If this movie has any redeeming value it's in curing me of any desire to see another Hollywood expose again. I should have remembered it from my days as a Theatre major but for the record - actors are boring, directors are boring, most movie people sit around doing nothing in order to get ten minutes of footage put together. Even if these people aren't boring, they aren't nearly as interesting as their characters on screen.

And Soderbergh really captures the dullness of Hollywood living as these characters go about their lives, reading their scenes, making the adjustments to their personal lives that personal trainers and therapy allows for. There are about 5 different storylines going through this movie but they have one thing in common - they are all forgettable. In fact I remember snippets like feeding the dog marijuana brownies or the divorce letter that never gets sent. I find myself realizing why David Duchovny wasn't a major star before <b>The X-Files</b>. He might be hilarious on the talk shows, but his understated droll delivery only works if he's talking about alien conspiracies. If he's talking about anything else you just want to nod off and take a nap.

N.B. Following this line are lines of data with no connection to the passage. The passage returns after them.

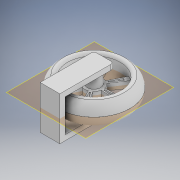
# Autodesk Inventor part: PrednjiKotač_v.1.0
Saved by Autodesk Inventor 2020 (Build 240168000, 168)
## iProperties
Created: 2020-07-15
Part Number: PrednjiKotač_v.1.0
Material: Generic
Document SubType Name: Modeling
Designer: Sičaja
Density: 1 g/cm^3
Appearance: Default
Author: Sičaja
Autodesk Inventor part; units mm, degrees
ref_plane "YZ Plane" through (0, 0, 0) normal (1, 0, 0) x (0, 1, 0)
ref_plane "XZ Plane" through (0, 0, 0) normal (0, 1, 0) x (-1, 0, 0)
ref_plane "XY Plane" through (0, 0, 0) normal (0, 0, 1) x (1, 0, 0)
sketch "Sketch1" plane through (0, 0, 0) normal (0, 1, 0) x (-1, 0, 0)
  circle A0 centre (0, 0) radius 13.75
  circle A1 centre (0, 0) radius 1
  circle A2 centre (0, 0) radius 10.0126
  line L0 (9.6185, 1) -> (0.866, 0.5)
  line L1 (9.6185, -1) -> (0.866, -0.5)
  line L2 (9.6185, -1) -> (9.9605, -1.0195)
  line L3 (9.6185, 1) -> (9.9605, 1.0195)
  line L4 (3.9765, -0.2067) -> (3.953, 0.2053)
  line L5 (8.3776, -0.4581) -> (3.9765, -0.2067)
  line L6 (8.3776, 0.4581) -> (3.953, 0.2053)
  line L7 (8.3776, 0) -> (8.3776, -0.4581)
  line L8 (8.8989, -0.9589) -> (8.8989, -1)
  line L9 (8.8989, 1) -> (8.8989, 0.9589)
  line L10 (8.3776, 0.4581) -> (8.3776, 0)
  line L11 (3.9432, 8.8299) -> (4.0973, 9.1359)
  line L12 (5.6753, 7.8299) -> (5.8632, 8.1163)
  line L13 (5.6753, 7.8299) -> (0.866, 0.5)
  line L14 (3.9432, 8.8299) -> (0, 1)
  line L15 (4.1888, 7.2552) -> (4.5855, 7.0261)
  line L16 (3.7921, 7.4842) -> (4.1888, 7.2552)
  line L17 (3.7921, 7.4842) -> (1.7987, 3.5261)
  line L18 (4.5855, 7.0261) -> (2.1672, 3.3405)
  line L19 (2.1672, 3.3405) -> (1.7987, 3.5261)
  line L20 (-5.6753, 7.8299) -> (-5.8632, 8.1163)
  line L21 (-3.9432, 8.8299) -> (-4.0973, 9.1359)
  line L22 (-3.9432, 8.8299) -> (0, 1)
  line L23 (-5.6753, 7.8299) -> (-0.866, 0.5)
  line L24 (-4.1888, 7.2552) -> (-3.7921, 7.4842)
  line L25 (-4.5855, 7.0261) -> (-4.1888, 7.2552)
  line L26 (-4.5855, 7.0261) -> (-2.1543, 3.3207)
  line L27 (-3.7921, 7.4842) -> (-1.8093, 3.5471)
  line L28 (-1.8093, 3.5471) -> (-2.1543, 3.3207)
  line L29 (-9.6185, -1) -> (-9.9605, -1.0195)
  line L30 (-9.6185, 1) -> (-9.9605, 1.0195)
  line L31 (-9.6185, 1) -> (-0.866, 0.5)
  line L32 (-9.6185, -1) -> (-0.866, -0.5)
  line L33 (-8.3776, 0) -> (-8.3776, 0.4581)
  line L34 (-8.3776, -0.4581) -> (-8.3776, 0)
  line L35 (-8.3776, -0.4581) -> (-3.953, -0.2053)
  line L36 (-8.3776, 0.4581) -> (-3.9765, 0.2067)
  line L37 (-3.9765, 0.2067) -> (-3.953, -0.2053)
  line L38 (-3.9432, -8.8299) -> (-4.0973, -9.1359)
  line L39 (-5.6753, -7.8299) -> (-5.8632, -8.1163)
  line L40 (-5.6753, -7.8299) -> (-0.866, -0.5)
  line L41 (-3.9432, -8.8299) -> (0, -1)
  line L42 (-4.1888, -7.2552) -> (-4.5855, -7.0261)
  line L43 (-3.7921, -7.4842) -> (-4.1888, -7.2552)
  line L44 (-3.7921, -7.4842) -> (-1.7987, -3.5261)
  line L45 (-4.5855, -7.0261) -> (-2.1672, -3.3405)
  line L46 (-2.1672, -3.3405) -> (-1.7987, -3.5261)
  line L47 (5.6753, -7.8299) -> (5.8632, -8.1163)
  line L48 (3.9432, -8.8299) -> (4.0973, -9.1359)
  line L49 (3.9432, -8.8299) -> (0, -1)
  line L50 (5.6753, -7.8299) -> (0.866, -0.5)
  line L51 (4.1888, -7.2552) -> (3.7921, -7.4842)
  line L52 (4.5855, -7.0261) -> (4.1888, -7.2552)
  line L53 (4.5855, -7.0261) -> (2.1543, -3.3207)
  line L54 (3.7921, -7.4842) -> (1.8093, -3.5471)
  line L55 (1.8093, -3.5471) -> (2.1543, -3.3207)
  circle A3 centre (0, 0) radius 2.25
  circle A4 centre (0, 0) radius 2.25
  point P0 (5.2799, 7.2273)
  point P1 (3.619, 8.1862)
  point P2 (-3.619, 8.1862)
  point P3 (-5.2799, 7.2273)
  point P4 (-8.8989, 0.9589)
  point P5 (-8.8989, -0.9589)
  point P6 (-5.2799, -7.2273)
  point P7 (-3.619, -8.1862)
  point P8 (3.619, -8.1862)
  point P9 (5.2799, -7.2273)
  dimension "d0" = 27.5
  dimension "d1" = 2
  dimension "d12" = 360
  dimension "d14" = 4.5
  constraints: 112 end point, 24 point on line, 5 centre point, 5 coincident, 4 point on circle, 2 parallel, 1 concentric, 1 perpendicular, 133 other
  measures "d0" diameter of A0
  measures "d1" diameter of A1
  measures "d14" diameter of A3
sketch "Sketch4" plane through (0, 0, 0) normal (0, 1, 0) x (-1, 0, 0)
  circle A0 centre (0, 0) radius 2.5
  line L0 (9.6185, 1) -> (0.866, 0.5) projected
  line L1 (8.3776, 0.4581) -> (3.953, 0.2053) projected
  line L2 (8.3776, 0.4581) -> (8.3776, 0) projected
  line L3 (8.3776, 0) -> (8.3776, -0.4581) projected
  line L4 (9.6185, -1) -> (0.866, -0.5) projected
  line L5 (9.6185, -1) -> (9.9605, -1.0195) projected
  line L6 (9.6185, 1) -> (9.9605, 1.0195) projected
  line L7 (3.9765, -0.2067) -> (3.953, 0.2053) projected
  line L8 (8.3776, -0.4581) -> (3.9765, -0.2067) projected
  line L9 (2.9356, -0.6182) -> (9.9605, -1.0195)
  line L10 (2.9356, 0.6182) -> (9.9605, 1.0195)
  circle A1 centre (0, 0) radius 10.0126 projected
  circle A2 centre (0, 0) radius 10.0126
  line L11 (3.953, 0.2053) -> (3.9765, -0.2067)
  line L12 (8.3776, -0.4581) -> (8.3776, 0.4581)
  line L13 (8.3776, 0.4581) -> (3.953, 0.2053)
  line L14 (3.9765, -0.2067) -> (8.3776, -0.4581)
  line L15 (0.9324, 2.8514) -> (4.0973, 9.1359)
  line L16 (3.7921, 7.4842) -> (1.7987, 3.5261)
  line L17 (2.1672, 3.3405) -> (4.5855, 7.0261)
  line L18 (2.0032, 2.2332) -> (5.8632, 8.1163)
  line L19 (4.5855, 7.0261) -> (3.7921, 7.4842)
  line L20 (1.7987, 3.5261) -> (2.1672, 3.3405)
  line L21 (-2.0032, 2.2332) -> (-5.8632, 8.1163)
  line L22 (-4.5855, 7.0261) -> (-2.1543, 3.3207)
  line L23 (-1.8093, 3.5471) -> (-3.7921, 7.4842)
  line L24 (-0.9324, 2.8514) -> (-4.0973, 9.1359)
  line L25 (-3.7921, 7.4842) -> (-4.5855, 7.0261)
  line L26 (-2.1543, 3.3207) -> (-1.8093, 3.5471)
  line L27 (-2.9356, -0.6182) -> (-9.9605, -1.0195)
  line L28 (-8.3776, -0.4581) -> (-3.953, -0.2053)
  line L29 (-3.9765, 0.2067) -> (-8.3776, 0.4581)
  line L30 (-2.9356, 0.6182) -> (-9.9605, 1.0195)
  line L31 (-8.3776, 0.4581) -> (-8.3776, -0.4581)
  line L32 (-3.953, -0.2053) -> (-3.9765, 0.2067)
  line L33 (-0.9324, -2.8514) -> (-4.0973, -9.1359)
  line L34 (-3.7921, -7.4842) -> (-1.7987, -3.5261)
  line L35 (-2.1672, -3.3405) -> (-4.5855, -7.0261)
  line L36 (-2.0032, -2.2332) -> (-5.8632, -8.1163)
  line L37 (-4.5855, -7.0261) -> (-3.7921, -7.4842)
  line L38 (-1.7987, -3.5261) -> (-2.1672, -3.3405)
  line L39 (2.0032, -2.2332) -> (5.8632, -8.1163)
  line L40 (4.5855, -7.0261) -> (2.1543, -3.3207)
  line L41 (1.8093, -3.5471) -> (3.7921, -7.4842)
  line L42 (0.9324, -2.8514) -> (4.0973, -9.1359)
  line L43 (3.7921, -7.4842) -> (4.5855, -7.0261)
  line L44 (2.1543, -3.3207) -> (1.8093, -3.5471)
  arc A3 (2.9356, 0.6182) -> (2.0032, 2.2332) centre (0, 0) ccw
  arc A4 (0.9324, 2.8514) -> (-0.9324, 2.8514) centre (0, 0) ccw
  arc A5 (-2.0032, 2.2332) -> (-2.9356, 0.6182) centre (0, 0) ccw
  arc A6 (-2.9356, -0.6182) -> (-2.0032, -2.2332) centre (0, 0) ccw
  arc A7 (-0.9324, -2.8514) -> (0.9324, -2.8514) centre (0, 0) ccw
  arc A8 (2.0032, -2.2332) -> (2.9356, -0.6182) centre (0, 0) ccw
  circle A9 centre (0, 0) radius 3.5
  point P0 (-9.9605, 1.0195)
  point P1 (-9.9605, -1.0195)
  point P2 (-5.8632, -8.1163)
  point P3 (-4.0973, -9.1359)
  point P4 (3.4397, 0.647)
  point P5 (2.2802, 2.6553)
  point P6 (1.1595, 3.3024)
  point P7 (-1.1595, 3.3024)
  point P8 (2.2802, -2.6553)
  point P9 (3.4397, -0.647)
  point P10 (-1.1595, -3.3024)
  point P11 (1.1595, -3.3024)
  point P12 (-3.4397, -0.647)
  point P13 (-2.2802, -2.6553)
  point P14 (-2.2802, 2.6553)
  point P15 (-3.4397, 0.647)
  dimension "d17" = 5
  dimension "d21" = 360
  dimension "d28" = 7
  constraints: 72 end point, 12 point on circle, 9 centre point, 4 coincident, 4 collinear, 2 point on line, 1 concentric, 1 perpendicular, 85 other
  measures "d17" diameter of A0
  measures "d28" diameter of A9
extrude "Extrusion1" add sketch "Sketch4" along normal mid plane 2.5 contours A0 L0 A9 L4 | A0 L4 A8 L39 A9 L42 A7 L33 L36 A6 L27 L30 A5 L21 L24 A4 L15 L18 A3 L0 | A3 L18 A9 L0 | L4 A9 L39 A8 | L0 L6 A1 L5 L4 A9 | A9 L15 A1 L18 | L39 A1 L42 A9 | L15 A4 L24 A9 | A9 L33 A7 L42 | A9 L21 A1 L24 | L33 A1 L36 A9 | L21 A5 L30 A9 | A9 L27 A6 L36 | A9 L27 A1 L30
extrude "Extrusion2" add sketch "Sketch1" along normal mid plane 10 contours A0
fillet "Fillet1" radius 5.2 2 edges at (13.75, 5, 0) (13.75, -5, 0)
sketch "Sketch5" plane through (0, 1.25, 0) normal (0, 1, 0) x (1, 0, 0)
  circle A0 centre (0, 0) radius 2.5
  circle A1 centre (0, 0) radius 3.5
  circle A2 centre (0, 0) radius 2.5 projected
  circle A3 centre (0, 0) radius 1.25
  dimension "d29" = 2.5
  constraints: 3 centre point, 3 coincident
  measures "d29" diameter of A3
fillet "Fillet2" radius 1 1 edges at (10.0126, 5, 0)
extrude "Extrusion3" add sketch "Sketch5" along normal blind 5 contours A0
sketch "Sketch6" plane through (0, 6.25, 0) normal (0, 1, 0) x (1, 0, 0)
  line L0 (-3.75, 3.75) -> (3.75, 3.75)
  line L1 (3.75, 3.75) -> (3.75, -3.75)
  line L2 (-3.75, -3.75) -> (-3.75, 3.75)
  line L3 (-3.75, 3.75) -> (3.75, -3.75) construction
  line L4 (3.75, 3.75) -> (-3.75, -3.75) construction
  line L5 (-3.75, -3.75) -> (-3.75, -14.75)
  line L6 (-3.75, -14.75) -> (3.75, -14.75)
  line L7 (3.75, -14.75) -> (3.75, -3.75)
  line L8 (-3.75, -14.75) -> (-3.75, -16.75)
  line L9 (-3.75, -16.75) -> (3.75, -16.75)
  line L10 (3.75, -16.75) -> (3.75, -14.75)
  point P0 (0, 0)
  dimension "d33" = 7.5
  dimension "d34" = 7.5
  dimension "d35" = 11
  dimension "d36" = 7.5
  dimension "d37" = 2
  constraints: 22 end point, 3 perpendicular, 2 horizontal, 2 midpoint, 1 parallel, 1 point on line, 1 vertical
  measures "d33" distance of L1.end L2.start
  measures "d34" distance of L0.end L1.end
  measures "d35" distance of L2.start L5.end
  measures "d36" distance of L5.end L6.end
  measures "d37" distance of L5.end L8.end
extrude "Extrusion4" add sketch "Sketch6" along normal blind 2
fillet "Fillet3" radius 1 2 edges at (-3.75, 7.25, -3.75) (3.75, 7.25, -3.75)
sketch "Sketch7" plane through (0, 6.25, 0) normal (0, -1, 0) x (1, 0, 0)
  line L0 (-3.75, 16.75) -> (3.75, 16.75) projected
  line L1 (-3.75, 16.75) -> (-3.75, 14.75)
  line L2 (-3.75, -2.75) -> (-3.75, 16.75) projected
  line L3 (-3.75, 14.75) -> (3.75, 14.75)
  line L4 (3.75, 16.75) -> (3.75, -2.75) projected
  line L5 (3.75, 16.75) -> (-3.75, 16.75)
  point P0 (0, 0)
  dimension "d41" = 2
  constraints: 6 end point, 2 point on line, 1 parallel, 1 perpendicular
  measures "d41" distance of L0.start L1.end
extrude "Extrusion5" add sketch "Sketch7" along normal blind 6.26
ref_plane "Work Plane1" through (0, 0, 0) normal (0, 1, 0) x (1, 0, 0)
mirror "Mirror1" about plane through (0, 0, 0) normal (0, 1, 0) of "Extrusion4", "Extrusion5"
body "Solid1"

Buy this movie only if you want to torture your friends. Ten minutes into this thing I was feeling the slow weight of ennui creep over me. I couldn't move. I didn't want anything but a nap. If there are people that watched this thing all at once they are better folks than me. This movie makes Merchant Ivory movies look like action movies in comparison.


Movie Review: Don't buy this DVD--don't even spend $3 to rent it
Summary: 1 Stars

The only reason this movie gets one star is because there's not an option to choose zero. This is, unbelievably to me, given Mr. Soderbergh's other credits, one of the WORST movies I've ever seen. The "documentary" style filming is grainy and extremely distracting, and even more so because it's such an over-used technique. I'm an avid independent film viewer and like the unusual and the avant-garde, but this film is a poseur which fails in every way.

If you come to the story without knowing it's supposed to be imbued with skewering cleverness and satire, it's confusing, unengaging and boring, and, come to think of it, now that I know it's supposed to have those elements, it's STILL confusing, boring and unengaging. The character development is so poor that you don't care about anybody nor understand what's motivating them. David Hyde Pierce is a horrible choice for the main character--he has no depth or emotional range which, unfortunately, keeps us half wondering if Kelsey Grammer's going to come through the door at any minute. Catherine Keener has the kind of charisma that transcends shoddy screenwriting, but how her character behaves makes the least sense of all.

I think the only reason to rent this movie would be if you want to get a few second "full frontal" view of David Duchovny, albeit a grainy one shot from a distance so you really can't see anything, or if you're the VP of HR and you need to show your managers how NOT to conduct an HR interview.